**Task instructions:** The lines to return are those below that contain the word "once".

**Supplied data:**
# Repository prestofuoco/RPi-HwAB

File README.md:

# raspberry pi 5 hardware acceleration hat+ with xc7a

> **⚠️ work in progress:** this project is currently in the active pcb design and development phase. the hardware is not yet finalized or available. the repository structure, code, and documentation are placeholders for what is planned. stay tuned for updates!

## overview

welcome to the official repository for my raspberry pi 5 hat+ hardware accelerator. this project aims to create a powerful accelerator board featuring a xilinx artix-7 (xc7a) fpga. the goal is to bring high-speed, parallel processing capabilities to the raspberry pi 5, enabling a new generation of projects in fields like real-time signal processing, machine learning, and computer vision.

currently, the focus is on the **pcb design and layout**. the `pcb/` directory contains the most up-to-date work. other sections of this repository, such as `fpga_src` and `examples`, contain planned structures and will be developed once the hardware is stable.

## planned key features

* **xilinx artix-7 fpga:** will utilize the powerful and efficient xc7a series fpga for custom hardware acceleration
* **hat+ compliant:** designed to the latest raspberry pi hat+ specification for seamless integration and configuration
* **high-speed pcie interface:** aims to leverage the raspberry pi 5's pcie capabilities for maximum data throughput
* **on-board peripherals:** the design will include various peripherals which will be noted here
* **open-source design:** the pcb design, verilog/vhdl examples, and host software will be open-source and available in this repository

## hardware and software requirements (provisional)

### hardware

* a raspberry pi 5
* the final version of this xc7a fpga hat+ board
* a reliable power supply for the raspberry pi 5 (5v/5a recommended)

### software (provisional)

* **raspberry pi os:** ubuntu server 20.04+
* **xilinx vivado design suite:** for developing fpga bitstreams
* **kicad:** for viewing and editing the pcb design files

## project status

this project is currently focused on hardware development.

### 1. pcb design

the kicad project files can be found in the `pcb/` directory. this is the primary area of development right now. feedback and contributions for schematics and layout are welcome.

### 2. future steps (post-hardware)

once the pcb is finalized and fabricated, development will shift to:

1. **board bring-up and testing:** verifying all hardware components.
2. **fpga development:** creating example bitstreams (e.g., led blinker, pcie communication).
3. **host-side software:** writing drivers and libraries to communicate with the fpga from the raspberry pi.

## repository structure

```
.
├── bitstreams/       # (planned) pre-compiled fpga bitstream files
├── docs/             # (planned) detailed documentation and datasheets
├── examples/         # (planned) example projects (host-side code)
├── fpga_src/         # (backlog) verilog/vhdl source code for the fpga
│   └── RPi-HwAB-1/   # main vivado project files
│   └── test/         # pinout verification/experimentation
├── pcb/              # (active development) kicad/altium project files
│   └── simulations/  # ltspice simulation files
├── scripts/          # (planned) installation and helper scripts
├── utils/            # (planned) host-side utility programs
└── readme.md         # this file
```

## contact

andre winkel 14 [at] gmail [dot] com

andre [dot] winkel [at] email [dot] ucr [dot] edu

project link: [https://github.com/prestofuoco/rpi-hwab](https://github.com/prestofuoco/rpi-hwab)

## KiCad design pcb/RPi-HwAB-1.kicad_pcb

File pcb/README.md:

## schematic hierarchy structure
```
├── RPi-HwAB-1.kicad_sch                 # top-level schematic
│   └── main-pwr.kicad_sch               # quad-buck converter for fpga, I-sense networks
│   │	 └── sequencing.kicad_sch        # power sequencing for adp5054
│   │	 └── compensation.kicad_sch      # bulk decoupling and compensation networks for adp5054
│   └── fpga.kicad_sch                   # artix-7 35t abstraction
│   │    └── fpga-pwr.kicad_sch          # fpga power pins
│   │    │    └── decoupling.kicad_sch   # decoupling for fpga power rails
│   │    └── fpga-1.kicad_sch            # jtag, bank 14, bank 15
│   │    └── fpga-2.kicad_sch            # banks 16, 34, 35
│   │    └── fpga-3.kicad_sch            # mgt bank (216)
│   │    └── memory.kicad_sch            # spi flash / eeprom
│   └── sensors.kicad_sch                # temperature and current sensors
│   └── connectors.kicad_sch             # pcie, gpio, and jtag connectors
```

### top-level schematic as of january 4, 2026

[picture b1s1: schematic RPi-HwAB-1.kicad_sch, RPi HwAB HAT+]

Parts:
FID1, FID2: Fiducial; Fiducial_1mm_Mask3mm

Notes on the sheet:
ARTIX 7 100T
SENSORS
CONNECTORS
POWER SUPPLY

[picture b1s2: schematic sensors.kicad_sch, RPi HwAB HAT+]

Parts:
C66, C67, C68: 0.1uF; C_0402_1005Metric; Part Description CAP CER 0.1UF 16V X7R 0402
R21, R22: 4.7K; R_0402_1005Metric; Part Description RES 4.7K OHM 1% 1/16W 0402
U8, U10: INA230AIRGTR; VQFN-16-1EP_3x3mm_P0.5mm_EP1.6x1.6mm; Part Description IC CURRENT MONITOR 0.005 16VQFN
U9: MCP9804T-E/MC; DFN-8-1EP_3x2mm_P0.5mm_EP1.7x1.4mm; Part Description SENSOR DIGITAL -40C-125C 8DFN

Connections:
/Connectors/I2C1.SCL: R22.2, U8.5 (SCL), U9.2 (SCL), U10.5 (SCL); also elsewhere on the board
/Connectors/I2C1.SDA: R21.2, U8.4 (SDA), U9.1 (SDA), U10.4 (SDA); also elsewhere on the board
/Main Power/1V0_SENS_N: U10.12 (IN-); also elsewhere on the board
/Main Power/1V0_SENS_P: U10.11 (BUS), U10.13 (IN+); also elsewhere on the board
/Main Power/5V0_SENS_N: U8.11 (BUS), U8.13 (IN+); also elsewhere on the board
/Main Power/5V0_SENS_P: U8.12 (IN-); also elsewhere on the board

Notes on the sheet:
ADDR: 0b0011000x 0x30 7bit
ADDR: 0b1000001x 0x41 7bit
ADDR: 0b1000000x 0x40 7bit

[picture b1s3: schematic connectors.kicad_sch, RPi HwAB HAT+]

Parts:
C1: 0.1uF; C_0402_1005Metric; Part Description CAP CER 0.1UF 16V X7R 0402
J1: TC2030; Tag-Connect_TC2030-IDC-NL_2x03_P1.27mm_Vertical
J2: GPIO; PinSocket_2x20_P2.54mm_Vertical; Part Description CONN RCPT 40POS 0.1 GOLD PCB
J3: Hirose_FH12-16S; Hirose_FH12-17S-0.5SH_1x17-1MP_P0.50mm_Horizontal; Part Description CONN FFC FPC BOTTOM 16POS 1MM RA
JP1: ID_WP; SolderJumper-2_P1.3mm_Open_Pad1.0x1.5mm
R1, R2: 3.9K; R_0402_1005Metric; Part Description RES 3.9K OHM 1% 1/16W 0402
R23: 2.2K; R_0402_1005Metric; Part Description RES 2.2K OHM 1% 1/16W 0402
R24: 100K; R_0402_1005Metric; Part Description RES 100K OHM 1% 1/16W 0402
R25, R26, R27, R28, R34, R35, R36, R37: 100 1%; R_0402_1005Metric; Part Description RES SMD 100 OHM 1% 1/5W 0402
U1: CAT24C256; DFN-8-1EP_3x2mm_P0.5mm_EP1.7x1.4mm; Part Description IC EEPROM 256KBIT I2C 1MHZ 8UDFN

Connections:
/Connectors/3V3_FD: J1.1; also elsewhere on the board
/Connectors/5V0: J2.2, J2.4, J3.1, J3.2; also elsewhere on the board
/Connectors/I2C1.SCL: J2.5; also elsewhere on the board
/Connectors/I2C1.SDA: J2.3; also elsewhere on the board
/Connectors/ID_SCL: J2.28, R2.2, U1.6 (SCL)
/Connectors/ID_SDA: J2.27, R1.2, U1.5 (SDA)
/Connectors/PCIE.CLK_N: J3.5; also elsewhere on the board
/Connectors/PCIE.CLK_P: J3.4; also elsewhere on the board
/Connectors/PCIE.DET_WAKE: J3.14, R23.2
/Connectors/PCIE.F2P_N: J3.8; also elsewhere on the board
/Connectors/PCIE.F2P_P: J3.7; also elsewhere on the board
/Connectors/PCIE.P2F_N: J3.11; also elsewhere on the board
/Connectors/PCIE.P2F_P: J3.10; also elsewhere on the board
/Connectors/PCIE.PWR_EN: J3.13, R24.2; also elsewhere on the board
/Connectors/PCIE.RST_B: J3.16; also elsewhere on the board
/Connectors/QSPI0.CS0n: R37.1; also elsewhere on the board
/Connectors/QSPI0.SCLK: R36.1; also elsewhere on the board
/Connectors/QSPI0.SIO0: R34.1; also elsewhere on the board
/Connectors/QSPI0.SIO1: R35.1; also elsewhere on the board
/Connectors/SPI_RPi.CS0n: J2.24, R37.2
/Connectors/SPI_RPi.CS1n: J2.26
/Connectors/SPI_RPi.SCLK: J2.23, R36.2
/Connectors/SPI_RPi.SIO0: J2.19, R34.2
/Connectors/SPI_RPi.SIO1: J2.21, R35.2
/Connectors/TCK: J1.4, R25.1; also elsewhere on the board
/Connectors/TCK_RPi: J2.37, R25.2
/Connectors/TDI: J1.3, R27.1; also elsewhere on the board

**The completed task:**
currently, the focus is on the **pcb design and layout**. the `pcb/` directory contains the most up-to-date work. other sections of this repository, such as `fpga_src` and `examples`, contain planned structures and will be developed once the hardware is stable.
once the pcb is finalized and fabricated, development will shift to:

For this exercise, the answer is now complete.